- Problem statement -
From the line containing "doing this." to the line containing "(In), U2.15 (GPIO11)" in the entries below, reproduce every line exactly, ends included. Nothing else belongs in the copy, and no pictures.

- Material for the task -
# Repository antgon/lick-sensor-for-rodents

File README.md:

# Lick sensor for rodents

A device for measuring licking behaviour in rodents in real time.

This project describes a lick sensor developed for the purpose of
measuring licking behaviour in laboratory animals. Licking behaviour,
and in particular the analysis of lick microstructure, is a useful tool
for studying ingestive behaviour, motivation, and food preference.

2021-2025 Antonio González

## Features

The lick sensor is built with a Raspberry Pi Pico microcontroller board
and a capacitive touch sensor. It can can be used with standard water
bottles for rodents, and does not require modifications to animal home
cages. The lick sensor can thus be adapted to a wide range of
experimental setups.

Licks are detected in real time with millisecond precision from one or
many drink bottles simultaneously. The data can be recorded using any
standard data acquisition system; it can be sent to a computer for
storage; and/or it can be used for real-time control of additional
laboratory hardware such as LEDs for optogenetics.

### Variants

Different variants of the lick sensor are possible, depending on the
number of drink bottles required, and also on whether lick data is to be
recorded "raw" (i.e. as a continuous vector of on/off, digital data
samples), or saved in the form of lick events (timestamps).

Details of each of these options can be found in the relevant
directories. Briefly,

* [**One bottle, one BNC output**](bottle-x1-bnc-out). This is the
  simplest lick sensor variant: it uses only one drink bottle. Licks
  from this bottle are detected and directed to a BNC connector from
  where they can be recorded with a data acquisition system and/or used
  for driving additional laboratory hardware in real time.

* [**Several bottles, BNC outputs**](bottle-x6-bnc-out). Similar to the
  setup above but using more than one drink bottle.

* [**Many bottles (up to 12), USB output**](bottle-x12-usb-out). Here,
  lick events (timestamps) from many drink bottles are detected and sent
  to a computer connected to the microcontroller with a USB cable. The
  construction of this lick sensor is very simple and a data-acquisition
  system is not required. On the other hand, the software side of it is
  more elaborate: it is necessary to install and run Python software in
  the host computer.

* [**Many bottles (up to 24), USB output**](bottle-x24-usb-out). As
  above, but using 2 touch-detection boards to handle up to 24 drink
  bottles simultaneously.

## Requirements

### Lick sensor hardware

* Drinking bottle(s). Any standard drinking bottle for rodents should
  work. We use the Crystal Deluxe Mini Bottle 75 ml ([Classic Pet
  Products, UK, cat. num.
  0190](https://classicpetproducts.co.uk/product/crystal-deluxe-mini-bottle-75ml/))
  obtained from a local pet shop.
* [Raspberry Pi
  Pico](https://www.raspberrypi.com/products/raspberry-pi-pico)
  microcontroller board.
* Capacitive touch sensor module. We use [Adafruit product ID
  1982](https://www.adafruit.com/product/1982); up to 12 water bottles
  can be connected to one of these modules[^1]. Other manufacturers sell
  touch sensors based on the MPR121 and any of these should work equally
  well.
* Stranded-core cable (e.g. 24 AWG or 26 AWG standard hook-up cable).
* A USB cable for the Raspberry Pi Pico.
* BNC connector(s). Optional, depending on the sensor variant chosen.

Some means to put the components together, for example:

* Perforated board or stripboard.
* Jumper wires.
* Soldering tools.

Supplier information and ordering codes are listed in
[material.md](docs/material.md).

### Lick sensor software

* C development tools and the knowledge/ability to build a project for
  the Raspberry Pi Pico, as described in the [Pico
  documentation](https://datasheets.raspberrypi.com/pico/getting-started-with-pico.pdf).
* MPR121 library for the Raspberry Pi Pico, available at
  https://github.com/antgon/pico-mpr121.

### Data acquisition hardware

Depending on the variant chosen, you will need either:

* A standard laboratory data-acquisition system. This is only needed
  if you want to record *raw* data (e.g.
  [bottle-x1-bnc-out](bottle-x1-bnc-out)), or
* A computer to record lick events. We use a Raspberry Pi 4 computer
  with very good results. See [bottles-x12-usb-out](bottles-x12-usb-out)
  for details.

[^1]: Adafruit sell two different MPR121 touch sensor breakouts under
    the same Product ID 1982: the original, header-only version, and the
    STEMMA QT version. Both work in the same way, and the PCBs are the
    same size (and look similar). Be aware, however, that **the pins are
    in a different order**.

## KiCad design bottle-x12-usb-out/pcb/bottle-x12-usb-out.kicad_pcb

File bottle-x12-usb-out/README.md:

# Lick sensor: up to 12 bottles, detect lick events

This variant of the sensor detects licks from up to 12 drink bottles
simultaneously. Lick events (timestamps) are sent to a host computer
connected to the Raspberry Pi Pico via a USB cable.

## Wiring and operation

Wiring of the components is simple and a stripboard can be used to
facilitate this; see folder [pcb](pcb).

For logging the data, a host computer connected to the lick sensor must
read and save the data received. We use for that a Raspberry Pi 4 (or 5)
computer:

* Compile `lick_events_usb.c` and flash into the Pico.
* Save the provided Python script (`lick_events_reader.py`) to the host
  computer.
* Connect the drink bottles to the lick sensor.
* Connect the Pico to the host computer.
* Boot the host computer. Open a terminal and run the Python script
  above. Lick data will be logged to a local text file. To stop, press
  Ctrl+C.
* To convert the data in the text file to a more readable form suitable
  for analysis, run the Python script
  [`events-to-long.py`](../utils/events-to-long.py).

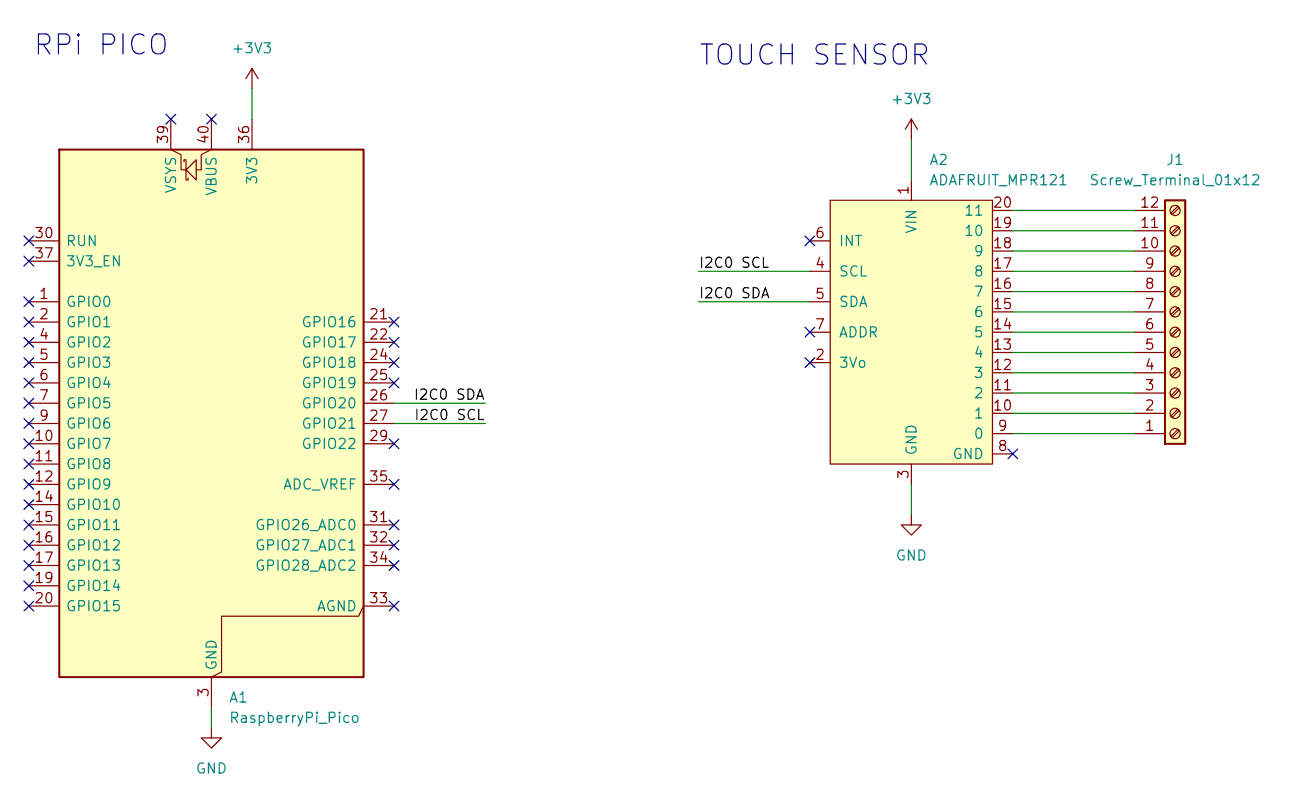
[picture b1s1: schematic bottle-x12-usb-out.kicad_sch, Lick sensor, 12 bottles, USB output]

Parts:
A1: RaspberryPi_Pico; RaspberryPi_Pico_Common_THT
A2: ADAFRUIT_MPR121
J1: Screw_Terminal_01x12; TerminalBlock_Phoenix_MPT-0,5-12-2.54_1x12_P2.54mm_Horizont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

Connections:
+3V3: A1.36 (3V3), A2.1 (VIN)
/I2C0 SCL: A1.27 (GPIO21), A2.4 (SCL)
/I2C0 SDA: A1.26 (GPIO20), A2.5 (SDA)
GND: A1.3 (GND), A1.8 (GND), A1.13 (GND), A1.18 (GND), A1.23 (GND), A1.28 (GND), A1.38 (GND), A2.3 (GND)
unnamed: A2.9 (0), J1.1
unnamed: A2.10 (1), J1.2
unnamed: A2.11 (2), J1.3
unnamed: A2.12 (3), J1.4
unnamed: A2.13 (4), J1.5
unnamed: A2.14 (5), J1.6
unnamed: A2.15 (6), J1.7
unnamed: A2.16 (7), J1.8
unnamed: A2.17 (8), J1.9
unnamed: A2.18 (9), J1.10
unnamed: A2.19 (10), J1.11
unnamed: A2.20 (11), J1.12

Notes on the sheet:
TOUCH SENSOR
RPi PICO

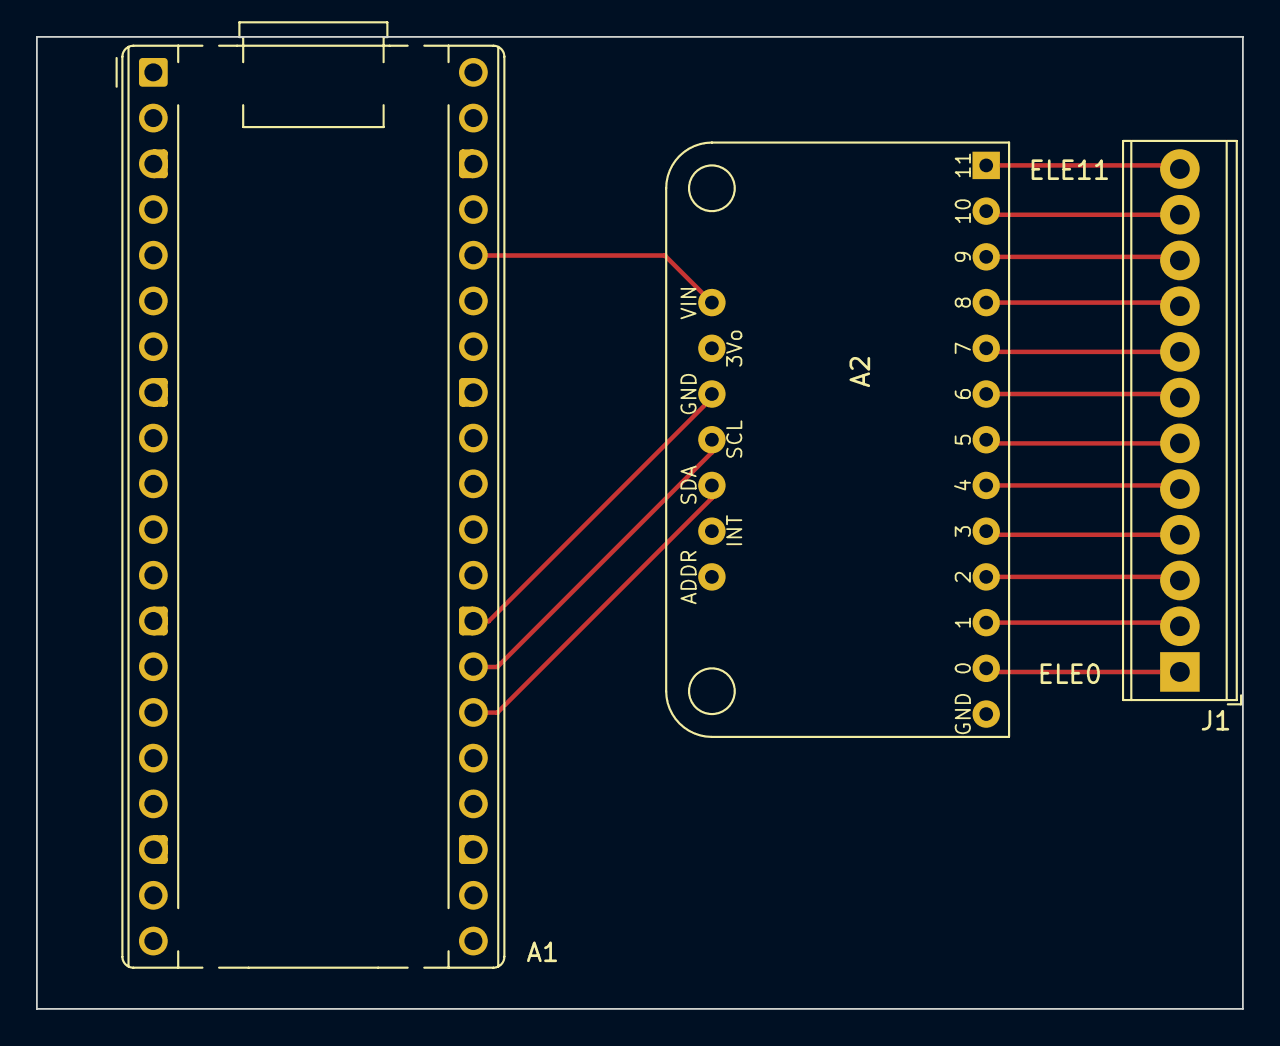
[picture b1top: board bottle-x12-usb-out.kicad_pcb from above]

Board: 2 copper layers, 67.0 x 54.0 mm, 3 parts (0 on the bottom side), 16 nets.

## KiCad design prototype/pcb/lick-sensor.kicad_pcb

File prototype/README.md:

# Lick sensor prototype

This prototype was designed for testing the lick sensor while observing
the effects of changing the sensor's settings: an LCD and four push
buttons allow to change the settings of the MPR121 capacitive sensor on
the fly. This helps tune the sensor and evaluate its ability to detect
licks under varying circumstances.

There are two BNC connectors: one outputs the digital signal, i.e. 0s
and 1s, with 1s indicating licks. The other outputs the analog signal
from the capacitive sensor, which helps visualise the changes in
capacitance that occur with licking. With these two outputs connected to
a data acquisition board, the behaviour of the touch sensor can be
assessed.

## Building and operation

1. This prototype is designed to be built on a perforated board. Details
   can be found in the [pcb](pcb) folder.

2. Program the microcontroller: compile `app/main.c` and flash into the
   Raspberry Pi Pico. See the [Pico
   documentation](https://www.raspberrypi.com/documentation/microcontrollers/pico-series.html#documentation)
   for details of how to do this. Note that in addition to standard Pico
   libraries, these 3 libraries are required:
    * [lcd16x2_i2c.h](https://github.com/antgon/pico-lcd16x2_i2c)
    * [mcp48x1.h](https://github.com/antgon/pico-mcp48x1)
    * [mpr121.h](https://github.com/antgon/pico-mpr121)

3. Connect a drink bottle to the board. Connect the two BNC outputs to a
   data acquisition (DAQ) board. Power up the Raspberry Pi Pico. The
   lick sensor will output data to the BNCs every 20 ms (50 Hz).

4. Modify the MCP121 settings using the buttons (see [docs](docs)
   for detailed instructions), use the DAQ to observe the effects of
   doing this.

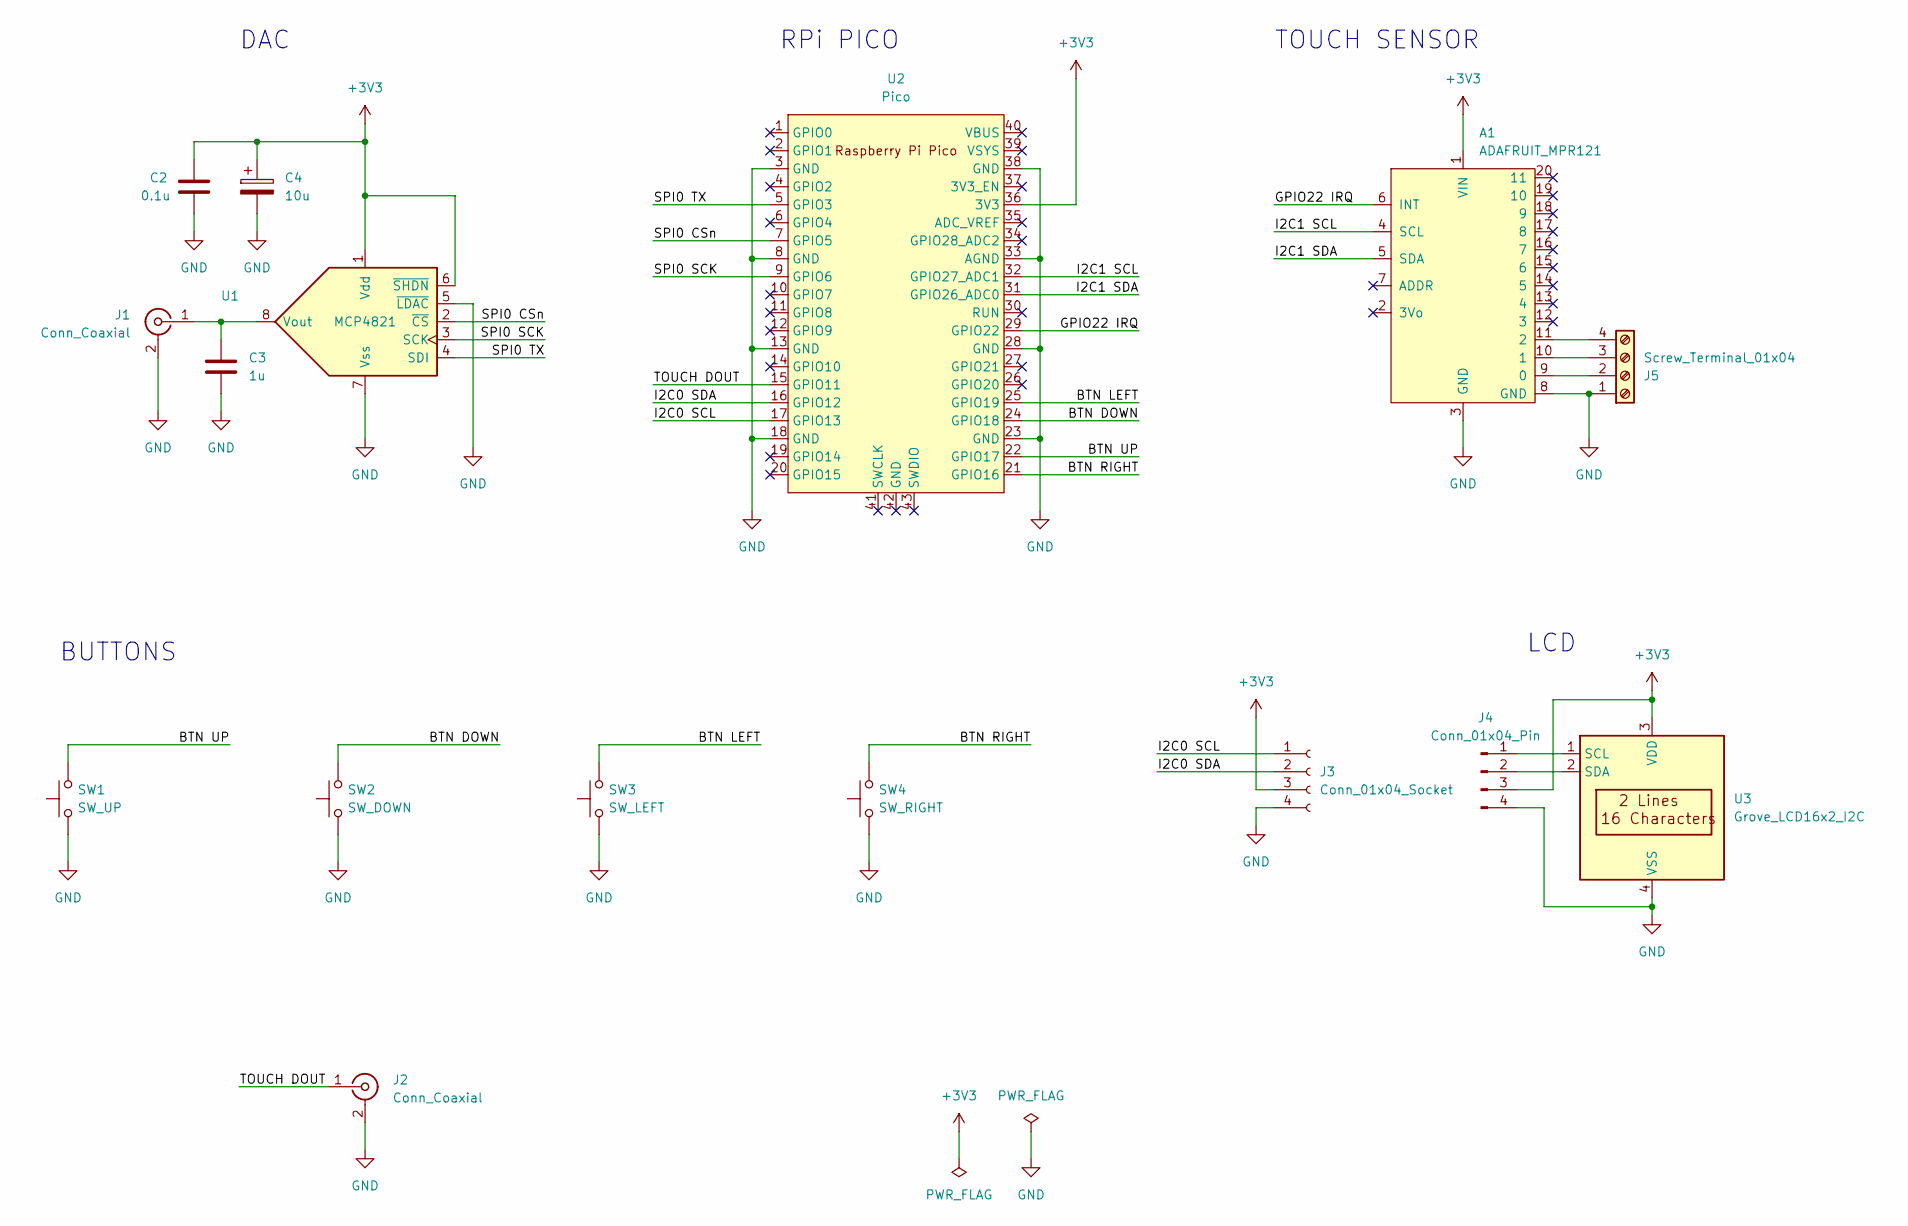
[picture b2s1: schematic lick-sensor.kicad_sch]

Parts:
A1: ADAFRUIT_MPR121
C2: 0.1u; C_Disc_D5.0mm_W2.5mm_P2.50mm
C3: 1u; C_Disc_D5.0mm_W2.5mm_P2.50mm
C4: 10u; CP_Radial_Tantal_D5.0mm_P2.50mm
J1, J2: Conn_Coaxial; BNC_Amphenol_B6252HB-NPP3G-50_Horizontal
J3: Conn_01x04_Socket; Molex_Nano-Fit_105313-xx04_1x04_P2.50mm_Horizontal
J4: Conn_01x04_Pin; Molex_Nano-Fit_105313-xx04_1x04_P2.50mm_Horizontal
J5: Screw_Terminal_01x04; TerminalBlock_Phoenix_MPT-0,5-4-2.54_1x04_P2.54mm_Horizontal
SW1: SW_UP; SW_PUSH_6mm
SW2: SW_DOWN; SW_PUSH_6mm
SW3: SW_LEFT; SW_PUSH_6mm
SW4: SW_RIGHT; SW_PUSH_6mm
U1: MCP4821; DIP-8_W7.62mm
U2: Pico; RPi_Pico_SMD_TH
U3: Grove_LCD16x2_I2C

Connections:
+3V3: A1.1 (VIN), C2.1, C4.1, J3.3, J4.3, U1.1 (Vdd), U1.6 (~SHDN), U2.36 (3V3), U3.3 (VDD)
/BTN DOWN: SW2.2, U2.24 (GPIO18)
/BTN LEFT: SW3.2, U2.25 (GPIO19)
/BTN RIGHT: SW4.2, U2.21 (GPIO16)
/BTN UP: SW1.2, U2.22 (GPIO17)
/GPIO22 IRQ: A1.6 (INT), U2.29 (GPIO22)
/I2C0 SCL: J3.1, U2.17 (GPIO13)
/I2C0 SDA: J3.2, U2.16 (GPIO12)
/I2C1 SCL: A1.4 (SCL), U2.32 (GPIO27_ADC1)
/I2C1 SDA: A1.5 (SDA), U2.31 (GPIO26_ADC0)
/SPI0 CSn: U1.2 (~CS), U2.7 (GPIO5)
/SPI0 SCK: U1.3 (SCK), U2.9 (GPIO6)
/SPI0 TX: U1.4 (SDI), U2.5 (GPIO3)
/TOUCH DOUT: J2.1 (In), U2.15 (GPIO11)
GND: A1.3 (GND), A1.8 (GND), C2.2, C3.2, C4.2, J1.2 (Ext), J2.2 (Ext), J3.4, J4.4, J5.1, SW1.1, SW2.1, SW3.1, SW4.1, U1.5 (~LDAC), U1.7 (Vss), U2.3 (GND), U2.8 (GND), U2.13 (GND), U2.18 (GND), U2.23 (GND), U2.28 (GND), U2.33 (AGND), U2.38 (GND), U3.4 (VSS)
unnamed: A1.9 (0), J5.2
unnamed: A1.10 (1), J5.3
unnamed: A1.11 (2), J5.4
unnamed: C3.1, J1.1 (In), U1.8 (Vout)
unnamed: J4.1, U3.1 (SCL)
unnamed: J4.2, U3.2 (SDA)

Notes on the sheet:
BUTTONS
TOUCH SENSOR
LCD
DAC
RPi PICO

- Answer box -
   doing this.

[picture b2s1: schematic lick-sensor.kicad_sch]

Parts:
A1: ADAFRUIT_MPR121
C2: 0.1u; C_Disc_D5.0mm_W2.5mm_P2.50mm
C3: 1u; C_Disc_D5.0mm_W2.5mm_P2.50mm
C4: 10u; CP_Radial_Tantal_D5.0mm_P2.50mm
J1, J2: Conn_Coaxial; BNC_Amphenol_B6252HB-NPP3G-50_Horizontal
J3: Conn_01x04_Socket; Molex_Nano-Fit_105313-xx04_1x04_P2.50mm_Horizontal
J4: Conn_01x04_Pin; Molex_Nano-Fit_105313-xx04_1x04_P2.50mm_Horizontal
J5: Screw_Terminal_01x04; TerminalBlock_Phoenix_MPT-0,5-4-2.54_1x04_P2.54mm_Horizontal
SW1: SW_UP; SW_PUSH_6mm
SW2: SW_DOWN; SW_PUSH_6mm
SW3: SW_LEFT; SW_PUSH_6mm
SW4: SW_RIGHT; SW_PUSH_6mm
U1: MCP4821; DIP-8_W7.62mm
U2: Pico; RPi_Pico_SMD_TH
U3: Grove_LCD16x2_I2C

Connections:
+3V3: A1.1 (VIN), C2.1, C4.1, J3.3, J4.3, U1.1 (Vdd), U1.6 (~SHDN), U2.36 (3V3), U3.3 (VDD)
/BTN DOWN: SW2.2, U2.24 (GPIO18)
/BTN LEFT: SW3.2, U2.25 (GPIO19)
/BTN RIGHT: SW4.2, U2.21 (GPIO16)
/BTN UP: SW1.2, U2.22 (GPIO17)
/GPIO22 IRQ: A1.6 (INT), U2.29 (GPIO22)
/I2C0 SCL: J3.1, U2.17 (GPIO13)
/I2C0 SDA: J3.2, U2.16 (GPIO12)
/I2C1 SCL: A1.4 (SCL), U2.32 (GPIO27_ADC1)
/I2C1 SDA: A1.5 (SDA), U2.31 (GPIO26_ADC0)
/SPI0 CSn: U1.2 (~CS), U2.7 (GPIO5)
/SPI0 SCK: U1.3 (SCK), U2.9 (GPIO6)
/SPI0 TX: U1.4 (SDI), U2.5 (GPIO3)
/TOUCH DOUT: J2.1 (In), U2.15 (GPIO11)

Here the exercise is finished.